Data extracted from a collection
>>>

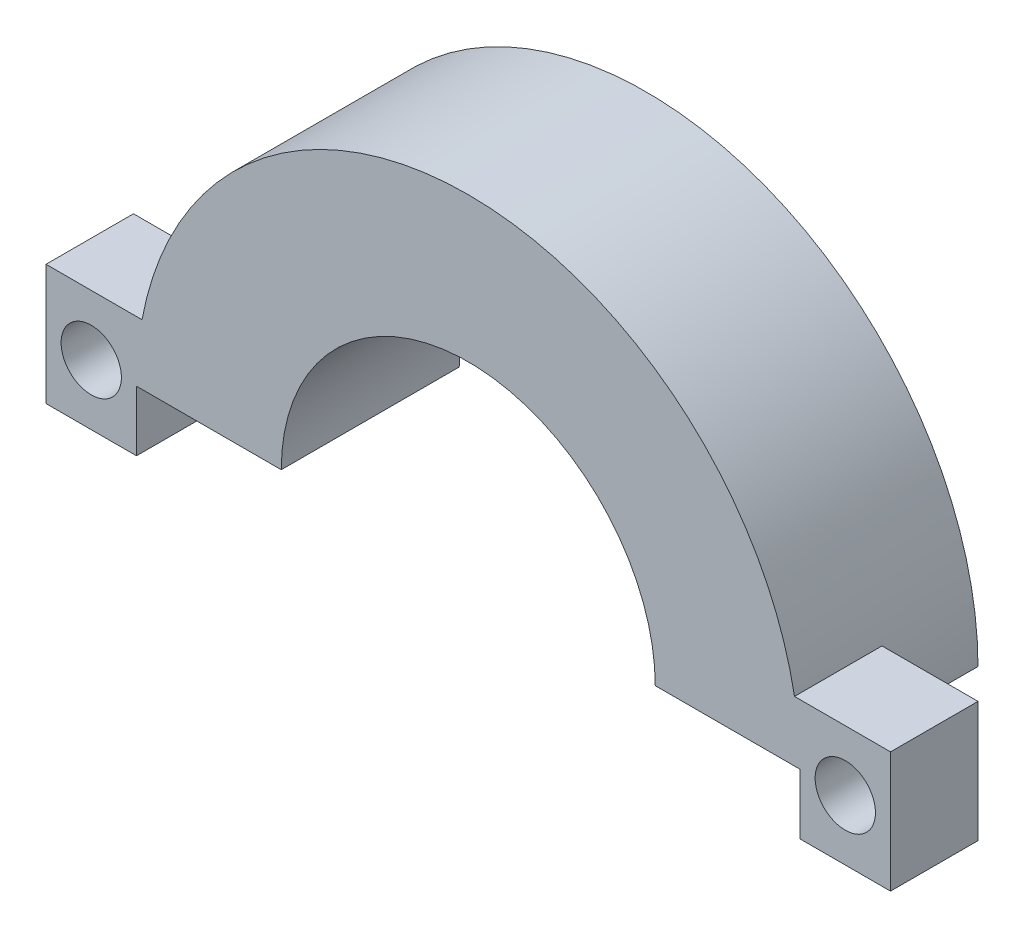
ISO-10303-21;
HEADER;
FILE_DESCRIPTION(('STEP AP214'),'2;1');
FILE_NAME('part.step','',(''),(''),'','','');
FILE_SCHEMA(('AUTOMOTIVE_DESIGN { 1 0 10303 214 1 1 1 1 }'));
ENDSEC;
DATA;
#1=APPLICATION_CONTEXT('core data for automotive mechanical design processes');
#2=APPLICATION_PROTOCOL_DEFINITION('international standard','automotive_design',2000,#1);
#3=PRODUCT_CONTEXT('',#1,'mechanical');
#4=PRODUCT('Part','Part','',(#3));
#5=PRODUCT_RELATED_PRODUCT_CATEGORY('part','',(#4));
#6=PRODUCT_DEFINITION_FORMATION('','',#4);
#7=PRODUCT_DEFINITION_CONTEXT('part definition',#1,'design');
#8=PRODUCT_DEFINITION('design','',#6,#7);
#9=PRODUCT_DEFINITION_SHAPE('','',#8);
#10=(LENGTH_UNIT() NAMED_UNIT(*) SI_UNIT(.MILLI.,.METRE.));
#11=(NAMED_UNIT(*) PLANE_ANGLE_UNIT() SI_UNIT($,.RADIAN.));
#12=(NAMED_UNIT(*) SI_UNIT($,.STERADIAN.) SOLID_ANGLE_UNIT());
#13=UNCERTAINTY_MEASURE_WITH_UNIT(LENGTH_MEASURE(1.E-05),#10,'distance_accuracy_value','');
#14=(GEOMETRIC_REPRESENTATION_CONTEXT(3) GLOBAL_UNCERTAINTY_ASSIGNED_CONTEXT((#13)) GLOBAL_UNIT_ASSIGNED_CONTEXT((#10,
#11,#12)) REPRESENTATION_CONTEXT('',''));
#15=CARTESIAN_POINT('',(0.,0.,0.));
#16=DIRECTION('',(0.,0.,1.));
#17=DIRECTION('',(1.,0.,0.));
#18=AXIS2_PLACEMENT_3D('',#15,#16,#17);
#19=CARTESIAN_POINT('',(7.56323897211495,0.,5.9));
#20=DIRECTION('',(0.,0.,-1.));
#21=DIRECTION('',(-1.,0.,0.));
#22=AXIS2_PLACEMENT_3D('',#19,#20,#21);
#23=CYLINDRICAL_SURFACE('',#22,11.);
#24=CARTESIAN_POINT('',(7.56323897211495,0.,5.9));
#25=DIRECTION('',(0.,0.,1.));
#26=DIRECTION('',(1.,0.,0.));
#27=AXIS2_PLACEMENT_3D('',#24,#25,#26);
#28=CIRCLE('',#27,11.);
#29=CARTESIAN_POINT('',(-3.25341485427702,2.,5.9));
#30=VERTEX_POINT('',#29);
#31=CARTESIAN_POINT('',(18.3798927985069,2.,5.9));
#32=VERTEX_POINT('',#31);
#33=EDGE_CURVE('E66',#30,#32,#28,.F.);
#34=ORIENTED_EDGE('',*,*,#33,.T.);
#35=DIRECTION('',(0.,0.,-1.));
#36=VECTOR('',#35,1.);
#37=CARTESIAN_POINT('',(18.3798927985069,2.,5.9));
#38=LINE('',#37,#36);
#39=CARTESIAN_POINT('',(18.3798927985069,2.,3.));
#40=VERTEX_POINT('',#39);
#41=EDGE_CURVE('E61',#32,#40,#38,.T.);
#42=ORIENTED_EDGE('',*,*,#41,.T.);
#43=CARTESIAN_POINT('',(7.56323897211495,0.,3.));
#44=DIRECTION('',(0.,0.,1.));
#45=DIRECTION('',(1.,0.,0.));
#46=AXIS2_PLACEMENT_3D('',#43,#44,#45);
#47=CIRCLE('',#46,11.);
#48=CARTESIAN_POINT('',(18.563238972115,0.,3.));
#49=VERTEX_POINT('',#48);
#50=EDGE_CURVE('E146',#40,#49,#47,.F.);
#51=ORIENTED_EDGE('',*,*,#50,.T.);
#52=DIRECTION('',(0.,0.,-1.));
#53=VECTOR('',#52,1.);
#54=CARTESIAN_POINT('',(18.563238972115,0.,5.9));
#55=LINE('',#54,#53);
#56=CARTESIAN_POINT('',(18.563238972115,0.,0.));
#57=VERTEX_POINT('',#56);
#58=EDGE_CURVE('E235',#49,#57,#55,.T.);
#59=ORIENTED_EDGE('',*,*,#58,.T.);
#60=CARTESIAN_POINT('',(7.56323897211495,0.,0.));
#61=DIRECTION('',(0.,0.,1.));
#62=DIRECTION('',(1.,0.,0.));
#63=AXIS2_PLACEMENT_3D('',#60,#61,#62);
#64=CIRCLE('',#63,11.);
#65=CARTESIAN_POINT('',(-3.43676102788505,0.,0.));
#66=VERTEX_POINT('',#65);
#67=EDGE_CURVE('E220',#66,#57,#64,.F.);
#68=ORIENTED_EDGE('',*,*,#67,.F.);
#69=DIRECTION('',(0.,0.,-1.));
#70=VECTOR('',#69,1.);
#71=CARTESIAN_POINT('',(-3.43676102788505,0.,5.9));
#72=LINE('',#71,#70);
#73=CARTESIAN_POINT('',(-3.43676102788505,0.,3.));
#74=VERTEX_POINT('',#73);
#75=EDGE_CURVE('E224',#74,#66,#72,.T.);
#76=ORIENTED_EDGE('',*,*,#75,.F.);
#77=CARTESIAN_POINT('',(7.56323897211495,0.,3.));
#78=DIRECTION('',(0.,0.,1.));
#79=DIRECTION('',(1.,0.,0.));
#80=AXIS2_PLACEMENT_3D('',#77,#78,#79);
#81=CIRCLE('',#80,11.);
#82=CARTESIAN_POINT('',(-3.25341485427702,2.,3.));
#83=VERTEX_POINT('',#82);
#84=EDGE_CURVE('E11',#74,#83,#81,.F.);
#85=ORIENTED_EDGE('',*,*,#84,.T.);
#86=DIRECTION('',(0.,0.,-1.));
#87=VECTOR('',#86,1.);
#88=CARTESIAN_POINT('',(-3.25341485427702,2.,5.9));
#89=LINE('',#88,#87);
#90=EDGE_CURVE('E211',#83,#30,#89,.F.);
#91=ORIENTED_EDGE('',*,*,#90,.T.);
#92=EDGE_LOOP('',(#34,#42,#51,#59,#68,#76,#85,#91));
#93=FACE_BOUND('',#92,.T.);
#94=ADVANCED_FACE('F44',(#93),#23,.T.);
#95=CARTESIAN_POINT('',(0.,0.,5.9));
#96=DIRECTION('',(0.,1.,0.));
#97=DIRECTION('',(0.,0.,1.));
#98=AXIS2_PLACEMENT_3D('',#95,#96,#97);
#99=PLANE('',#98);
#100=DIRECTION('',(0.,0.,-1.));
#101=VECTOR('',#100,1.);
#102=CARTESIAN_POINT('',(1.36323897211495,0.,5.9));
#103=LINE('',#102,#101);
#104=CARTESIAN_POINT('',(1.36323897211495,0.,5.9));
#105=VERTEX_POINT('',#104);
#106=CARTESIAN_POINT('',(1.36323897211495,0.,0.));
#107=VERTEX_POINT('',#106);
#108=EDGE_CURVE('E53',#105,#107,#103,.T.);
#109=ORIENTED_EDGE('',*,*,#108,.F.);
#110=DIRECTION('',(1.,0.,0.));
#111=VECTOR('',#110,1.);
#112=CARTESIAN_POINT('',(0.,0.,5.9));
#113=LINE('',#112,#111);
#114=CARTESIAN_POINT('',(-3.43676102788505,0.,5.9));
#115=VERTEX_POINT('',#114);
#116=EDGE_CURVE('E217',#115,#105,#113,.T.);
#117=ORIENTED_EDGE('',*,*,#116,.F.);
#118=EDGE_CURVE('E232',#115,#74,#72,.T.);
#119=ORIENTED_EDGE('',*,*,#118,.T.);
#120=ORIENTED_EDGE('',*,*,#75,.T.);
#121=DIRECTION('',(1.,0.,0.));
#122=VECTOR('',#121,1.);
#123=CARTESIAN_POINT('',(0.,0.,0.));
#124=LINE('',#123,#122);
#125=EDGE_CURVE('E216',#66,#107,#124,.T.);
#126=ORIENTED_EDGE('',*,*,#125,.T.);
#127=EDGE_LOOP('',(#109,#117,#119,#120,#126));
#128=FACE_BOUND('',#127,.T.);
#129=ADVANCED_FACE('F299',(#128),#99,.F.);
#130=CARTESIAN_POINT('',(7.56323897211495,0.,5.9));
#131=DIRECTION('',(0.,0.,-1.));
#132=DIRECTION('',(-1.,0.,0.));
#133=AXIS2_PLACEMENT_3D('',#130,#131,#132);
#134=CYLINDRICAL_SURFACE('',#133,6.2);
#135=CARTESIAN_POINT('',(7.56323897211495,0.,0.));
#136=DIRECTION('',(0.,0.,1.));
#137=DIRECTION('',(1.,0.,0.));
#138=AXIS2_PLACEMENT_3D('',#135,#136,#137);
#139=CIRCLE('',#138,6.2);
#140=CARTESIAN_POINT('',(13.763238972115,0.,0.));
#141=VERTEX_POINT('',#140);
#142=EDGE_CURVE('E227',#107,#141,#139,.F.);
#143=ORIENTED_EDGE('',*,*,#142,.T.);
#144=DIRECTION('',(0.,0.,-1.));
#145=VECTOR('',#144,1.);
#146=CARTESIAN_POINT('',(13.763238972115,0.,5.9));
#147=LINE('',#146,#145);
#148=CARTESIAN_POINT('',(13.763238972115,0.,5.9));
#149=VERTEX_POINT('',#148);
#150=EDGE_CURVE('E239',#149,#141,#147,.T.);
#151=ORIENTED_EDGE('',*,*,#150,.F.);
#152=CARTESIAN_POINT('',(7.56323897211495,0.,5.9));
#153=DIRECTION('',(0.,0.,1.));
#154=DIRECTION('',(1.,0.,0.));
#155=AXIS2_PLACEMENT_3D('',#152,#153,#154);
#156=CIRCLE('',#155,6.2);
#157=EDGE_CURVE('E219',#105,#149,#156,.F.);
#158=ORIENTED_EDGE('',*,*,#157,.F.);
#159=ORIENTED_EDGE('',*,*,#108,.T.);
#160=EDGE_LOOP('',(#143,#151,#158,#159));
#161=FACE_BOUND('',#160,.T.);
#162=ADVANCED_FACE('F46',(#161),#134,.F.);
#163=CARTESIAN_POINT('',(18.563238972115,0.,5.9));
#164=VERTEX_POINT('',#163);
#165=EDGE_CURVE('E236',#164,#49,#55,.T.);
#166=ORIENTED_EDGE('',*,*,#165,.F.);
#167=EDGE_CURVE('E221',#149,#164,#113,.T.);
#168=ORIENTED_EDGE('',*,*,#167,.F.);
#169=ORIENTED_EDGE('',*,*,#150,.T.);
#170=EDGE_CURVE('E228',#141,#57,#124,.T.);
#171=ORIENTED_EDGE('',*,*,#170,.T.);
#172=ORIENTED_EDGE('',*,*,#58,.F.);
#173=EDGE_LOOP('',(#166,#168,#169,#171,#172));
#174=FACE_BOUND('',#173,.T.);
#175=ADVANCED_FACE('F262',(#174),#99,.F.);
#176=CARTESIAN_POINT('',(0.,0.,5.9));
#177=DIRECTION('',(0.,0.,1.));
#178=DIRECTION('',(1.,0.,0.));
#179=AXIS2_PLACEMENT_3D('',#176,#177,#178);
#180=PLANE('',#179);
#181=CARTESIAN_POINT('',(20.063238972115,0.,5.9));
#182=DIRECTION('',(0.,0.,1.));
#183=DIRECTION('',(1.,0.,0.));
#184=AXIS2_PLACEMENT_3D('',#181,#182,#183);
#185=CIRCLE('',#184,1.);
#186=CARTESIAN_POINT('',(21.063238972115,0.,5.9));
#187=VERTEX_POINT('',#186);
#188=EDGE_CURVE('E245',#187,#187,#185,.T.);
#189=ORIENTED_EDGE('',*,*,#188,.F.);
#190=EDGE_LOOP('',(#189));
#191=FACE_BOUND('',#190,.T.);
#192=CARTESIAN_POINT('',(-4.93676102788505,0.,5.9));
#193=DIRECTION('',(0.,0.,1.));
#194=DIRECTION('',(1.,0.,0.));
#195=AXIS2_PLACEMENT_3D('',#192,#193,#194);
#196=CIRCLE('',#195,1.);
#197=CARTESIAN_POINT('',(-3.93676102788505,0.,5.9));
#198=VERTEX_POINT('',#197);
#199=EDGE_CURVE('E170',#198,#198,#196,.T.);
#200=ORIENTED_EDGE('',*,*,#199,.F.);
#201=EDGE_LOOP('',(#200));
#202=FACE_BOUND('',#201,.T.);
#203=ORIENTED_EDGE('',*,*,#167,.T.);
#204=DIRECTION('',(0.,-1.,0.));
#205=VECTOR('',#204,1.);
#206=CARTESIAN_POINT('',(18.563238972115,0.,5.9));
#207=LINE('',#206,#205);
#208=CARTESIAN_POINT('',(18.563238972115,-2.,5.9));
#209=VERTEX_POINT('',#208);
#210=EDGE_CURVE('E167',#164,#209,#207,.T.);
#211=ORIENTED_EDGE('',*,*,#210,.T.);
#212=DIRECTION('',(1.,0.,0.));
#213=VECTOR('',#212,1.);
#214=CARTESIAN_POINT('',(0.,-2.,5.9));
#215=LINE('',#214,#213);
#216=CARTESIAN_POINT('',(21.563238972115,-2.,5.9));
#217=VERTEX_POINT('',#216);
#218=EDGE_CURVE('E164',#209,#217,#215,.T.);
#219=ORIENTED_EDGE('',*,*,#218,.T.);
#220=DIRECTION('',(0.,-1.,0.));
#221=VECTOR('',#220,1.);
#222=CARTESIAN_POINT('',(21.563238972115,0.,5.9));
#223=LINE('',#222,#221);
#224=CARTESIAN_POINT('',(21.563238972115,2.,5.9));
#225=VERTEX_POINT('',#224);
#226=EDGE_CURVE('E176',#225,#217,#223,.T.);
#227=ORIENTED_EDGE('',*,*,#226,.F.);
#228=DIRECTION('',(1.,0.,0.));
#229=VECTOR('',#228,1.);
#230=CARTESIAN_POINT('',(0.,2.,5.9));
#231=LINE('',#230,#229);
#232=EDGE_CURVE('E154',#32,#225,#231,.T.);
#233=ORIENTED_EDGE('',*,*,#232,.F.);
#234=ORIENTED_EDGE('',*,*,#33,.F.);
#235=DIRECTION('',(1.,0.,0.));
#236=VECTOR('',#235,1.);
#237=CARTESIAN_POINT('',(0.,2.,5.9));
#238=LINE('',#237,#236);
#239=CARTESIAN_POINT('',(-6.43676102788505,2.,5.9));
#240=VERTEX_POINT('',#239);
#241=EDGE_CURVE('E190',#240,#30,#238,.T.);
#242=ORIENTED_EDGE('',*,*,#241,.F.);
#243=DIRECTION('',(0.,-1.,0.));
#244=VECTOR('',#243,1.);
#245=CARTESIAN_POINT('',(-6.43676102788505,0.,5.9));
#246=LINE('',#245,#244);
#247=CARTESIAN_POINT('',(-6.43676102788505,-2.,5.9));
#248=VERTEX_POINT('',#247);
#249=EDGE_CURVE('E185',#240,#248,#246,.T.);
#250=ORIENTED_EDGE('',*,*,#249,.T.);
#251=DIRECTION('',(1.,0.,0.));
#252=VECTOR('',#251,1.);
#253=CARTESIAN_POINT('',(0.,-2.,5.9));
#254=LINE('',#253,#252);
#255=CARTESIAN_POINT('',(-3.43676102788505,-2.,5.9));
#256=VERTEX_POINT('',#255);
#257=EDGE_CURVE('E201',#248,#256,#254,.T.);
#258=ORIENTED_EDGE('',*,*,#257,.T.);
#259=DIRECTION('',(0.,-1.,0.));
#260=VECTOR('',#259,1.);
#261=CARTESIAN_POINT('',(-3.43676102788505,0.,5.9));
#262=LINE('',#261,#260);
#263=EDGE_CURVE('E204',#115,#256,#262,.T.);
#264=ORIENTED_EDGE('',*,*,#263,.F.);
#265=ORIENTED_EDGE('',*,*,#116,.T.);
#266=ORIENTED_EDGE('',*,*,#157,.T.);
#267=EDGE_LOOP('',(#203,#211,#219,#227,#233,#234,#242,#250,#258,#264,#265,#266));
#268=FACE_BOUND('',#267,.T.);
#269=ADVANCED_FACE('F258',(#191,#202,#268),#180,.T.);
#270=CARTESIAN_POINT('',(0.,0.,0.));
#271=DIRECTION('',(0.,0.,1.));
#272=DIRECTION('',(1.,0.,0.));
#273=AXIS2_PLACEMENT_3D('',#270,#271,#272);
#274=PLANE('',#273);
#275=ORIENTED_EDGE('',*,*,#125,.F.);
#276=ORIENTED_EDGE('',*,*,#67,.T.);
#277=ORIENTED_EDGE('',*,*,#170,.F.);
#278=ORIENTED_EDGE('',*,*,#142,.F.);
#279=EDGE_LOOP('',(#275,#276,#277,#278));
#280=FACE_BOUND('',#279,.T.);
#281=ADVANCED_FACE('F261',(#280),#274,.F.);
#282=CARTESIAN_POINT('',(-6.43676102788505,0.,3.));
#283=DIRECTION('',(-1.,0.,0.));
#284=DIRECTION('',(0.,0.,1.));
#285=AXIS2_PLACEMENT_3D('',#282,#283,#284);
#286=PLANE('',#285);
#287=ORIENTED_EDGE('',*,*,#249,.F.);
#288=DIRECTION('',(0.,0.,1.));
#289=VECTOR('',#288,1.);
#290=CARTESIAN_POINT('',(-6.43676102788505,2.,3.));
#291=LINE('',#290,#289);
#292=CARTESIAN_POINT('',(-6.43676102788505,2.,3.));
#293=VERTEX_POINT('',#292);
#294=EDGE_CURVE('E209',#293,#240,#291,.T.);
#295=ORIENTED_EDGE('',*,*,#294,.F.);
#296=DIRECTION('',(0.,-1.,0.));
#297=VECTOR('',#296,1.);
#298=CARTESIAN_POINT('',(-6.43676102788505,0.,3.));
#299=LINE('',#298,#297);
#300=CARTESIAN_POINT('',(-6.43676102788505,-2.,3.));
#301=VERTEX_POINT('',#300);
#302=EDGE_CURVE('E186',#293,#301,#299,.T.);
#303=ORIENTED_EDGE('',*,*,#302,.T.);
#304=DIRECTION('',(0.,0.,1.));
#305=VECTOR('',#304,1.);
#306=CARTESIAN_POINT('',(-6.43676102788505,-2.,3.));
#307=LINE('',#306,#305);
#308=EDGE_CURVE('E198',#301,#248,#307,.T.);
#309=ORIENTED_EDGE('',*,*,#308,.T.);
#310=EDGE_LOOP('',(#287,#295,#303,#309));
#311=FACE_BOUND('',#310,.T.);
#312=ADVANCED_FACE('F286',(#311),#286,.T.);
#313=CARTESIAN_POINT('',(0.,2.,3.));
#314=DIRECTION('',(0.,-1.,0.));
#315=DIRECTION('',(0.,0.,-1.));
#316=AXIS2_PLACEMENT_3D('',#313,#314,#315);
#317=PLANE('',#316);
#318=ORIENTED_EDGE('',*,*,#90,.F.);
#319=DIRECTION('',(1.,0.,0.));
#320=VECTOR('',#319,1.);
#321=CARTESIAN_POINT('',(0.,2.,3.));
#322=LINE('',#321,#320);
#323=EDGE_CURVE('E195',#293,#83,#322,.T.);
#324=ORIENTED_EDGE('',*,*,#323,.F.);
#325=ORIENTED_EDGE('',*,*,#294,.T.);
#326=ORIENTED_EDGE('',*,*,#241,.T.);
#327=EDGE_LOOP('',(#318,#324,#325,#326));
#328=FACE_BOUND('',#327,.T.);
#329=ADVANCED_FACE('F283',(#328),#317,.F.);
#330=CARTESIAN_POINT('',(-3.43676102788505,0.,3.));
#331=DIRECTION('',(-1.,0.,0.));
#332=DIRECTION('',(0.,-1.,0.));
#333=AXIS2_PLACEMENT_3D('',#330,#331,#332);
#334=PLANE('',#333);
#335=ORIENTED_EDGE('',*,*,#263,.T.);
#336=DIRECTION('',(0.,0.,1.));
#337=VECTOR('',#336,1.);
#338=CARTESIAN_POINT('',(-3.43676102788505,-2.,3.));
#339=LINE('',#338,#337);
#340=CARTESIAN_POINT('',(-3.43676102788505,-2.,3.));
#341=VERTEX_POINT('',#340);
#342=EDGE_CURVE('E212',#341,#256,#339,.T.);
#343=ORIENTED_EDGE('',*,*,#342,.F.);
#344=DIRECTION('',(0.,-1.,0.));
#345=VECTOR('',#344,1.);
#346=CARTESIAN_POINT('',(-3.43676102788505,0.,3.));
#347=LINE('',#346,#345);
#348=EDGE_CURVE('E193',#74,#341,#347,.T.);
#349=ORIENTED_EDGE('',*,*,#348,.F.);
#350=ORIENTED_EDGE('',*,*,#118,.F.);
#351=EDGE_LOOP('',(#335,#343,#349,#350));
#352=FACE_BOUND('',#351,.T.);
#353=ADVANCED_FACE('F296',(#352),#334,.F.);
#354=CARTESIAN_POINT('',(0.,-2.,3.));
#355=DIRECTION('',(0.,-1.,0.));
#356=DIRECTION('',(0.,0.,-1.));
#357=AXIS2_PLACEMENT_3D('',#354,#355,#356);
#358=PLANE('',#357);
#359=ORIENTED_EDGE('',*,*,#257,.F.);
#360=ORIENTED_EDGE('',*,*,#308,.F.);
#361=DIRECTION('',(1.,0.,0.));
#362=VECTOR('',#361,1.);
#363=CARTESIAN_POINT('',(0.,-2.,3.));
#364=LINE('',#363,#362);
#365=EDGE_CURVE('E189',#301,#341,#364,.T.);
#366=ORIENTED_EDGE('',*,*,#365,.T.);
#367=ORIENTED_EDGE('',*,*,#342,.T.);
#368=EDGE_LOOP('',(#359,#360,#366,#367));
#369=FACE_BOUND('',#368,.T.);
#370=ADVANCED_FACE('F290',(#369),#358,.T.);
#371=CARTESIAN_POINT('',(0.,0.,3.));
#372=DIRECTION('',(0.,0.,1.));
#373=DIRECTION('',(1.,0.,0.));
#374=AXIS2_PLACEMENT_3D('',#371,#372,#373);
#375=PLANE('',#374);
#376=CARTESIAN_POINT('',(-4.93676102788505,0.,3.));
#377=DIRECTION('',(0.,0.,1.));
#378=DIRECTION('',(1.,0.,0.));
#379=AXIS2_PLACEMENT_3D('',#376,#377,#378);
#380=CIRCLE('',#379,1.);
#381=CARTESIAN_POINT('',(-3.93676102788505,0.,3.));
#382=VERTEX_POINT('',#381);
#383=EDGE_CURVE('E48',#382,#382,#380,.T.);
#384=ORIENTED_EDGE('',*,*,#383,.T.);
#385=EDGE_LOOP('',(#384));
#386=FACE_BOUND('',#385,.T.);
#387=ORIENTED_EDGE('',*,*,#84,.F.);
#388=ORIENTED_EDGE('',*,*,#348,.T.);
#389=ORIENTED_EDGE('',*,*,#365,.F.);
#390=ORIENTED_EDGE('',*,*,#302,.F.);
#391=ORIENTED_EDGE('',*,*,#323,.T.);
#392=EDGE_LOOP('',(#387,#388,#389,#390,#391));
#393=FACE_BOUND('',#392,.T.);
#394=ADVANCED_FACE('F302',(#386,#393),#375,.F.);
#395=CARTESIAN_POINT('',(21.563238972115,0.,3.));
#396=DIRECTION('',(-1.,0.,0.));
#397=DIRECTION('',(0.,0.,1.));
#398=AXIS2_PLACEMENT_3D('',#395,#396,#397);
#399=PLANE('',#398);
#400=ORIENTED_EDGE('',*,*,#226,.T.);
#401=DIRECTION('',(0.,0.,1.));
#402=VECTOR('',#401,1.);
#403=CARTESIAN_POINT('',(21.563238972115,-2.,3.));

<<<

PROMPT: Print, from the entries above, the line with "#197=CARTESIAN_POINT('',(-3.93676102788505,0.,5.9));", the line with "#237=CARTESIAN_POINT('',(0.,2.,5.9));" and all lines between them, exactly and with nothing else.

RESULT FOR THIS EXERCISE:
#197=CARTESIAN_POINT('',(-3.93676102788505,0.,5.9));
#198=VERTEX_POINT('',#197);
#199=EDGE_CURVE('E170',#198,#198,#196,.T.);
#200=ORIENTED_EDGE('',*,*,#199,.F.);
#201=EDGE_LOOP('',(#200));
#202=FACE_BOUND('',#201,.T.);
#203=ORIENTED_EDGE('',*,*,#167,.T.);
#204=DIRECTION('',(0.,-1.,0.));
#205=VECTOR('',#204,1.);
#206=CARTESIAN_POINT('',(18.563238972115,0.,5.9));
#207=LINE('',#206,#205);
#208=CARTESIAN_POINT('',(18.563238972115,-2.,5.9));
#209=VERTEX_POINT('',#208);
#210=EDGE_CURVE('E167',#164,#209,#207,.T.);
#211=ORIENTED_EDGE('',*,*,#210,.T.);
#212=DIRECTION('',(1.,0.,0.));
#213=VECTOR('',#212,1.);
#214=CARTESIAN_POINT('',(0.,-2.,5.9));
#215=LINE('',#214,#213);
#216=CARTESIAN_POINT('',(21.563238972115,-2.,5.9));
#217=VERTEX_POINT('',#216);
#218=EDGE_CURVE('E164',#209,#217,#215,.T.);
#219=ORIENTED_EDGE('',*,*,#218,.T.);
#220=DIRECTION('',(0.,-1.,0.));
#221=VECTOR('',#220,1.);
#222=CARTESIAN_POINT('',(21.563238972115,0.,5.9));
#223=LINE('',#222,#221);
#224=CARTESIAN_POINT('',(21.563238972115,2.,5.9));
#225=VERTEX_POINT('',#224);
#226=EDGE_CURVE('E176',#225,#217,#223,.T.);
#227=ORIENTED_EDGE('',*,*,#226,.F.);
#228=DIRECTION('',(1.,0.,0.));
#229=VECTOR('',#228,1.);
#230=CARTESIAN_POINT('',(0.,2.,5.9));
#231=LINE('',#230,#229);
#232=EDGE_CURVE('E154',#32,#225,#231,.T.);
#233=ORIENTED_EDGE('',*,*,#232,.F.);
#234=ORIENTED_EDGE('',*,*,#33,.F.);
#235=DIRECTION('',(1.,0.,0.));
#236=VECTOR('',#235,1.);
#237=CARTESIAN_POINT('',(0.,2.,5.9));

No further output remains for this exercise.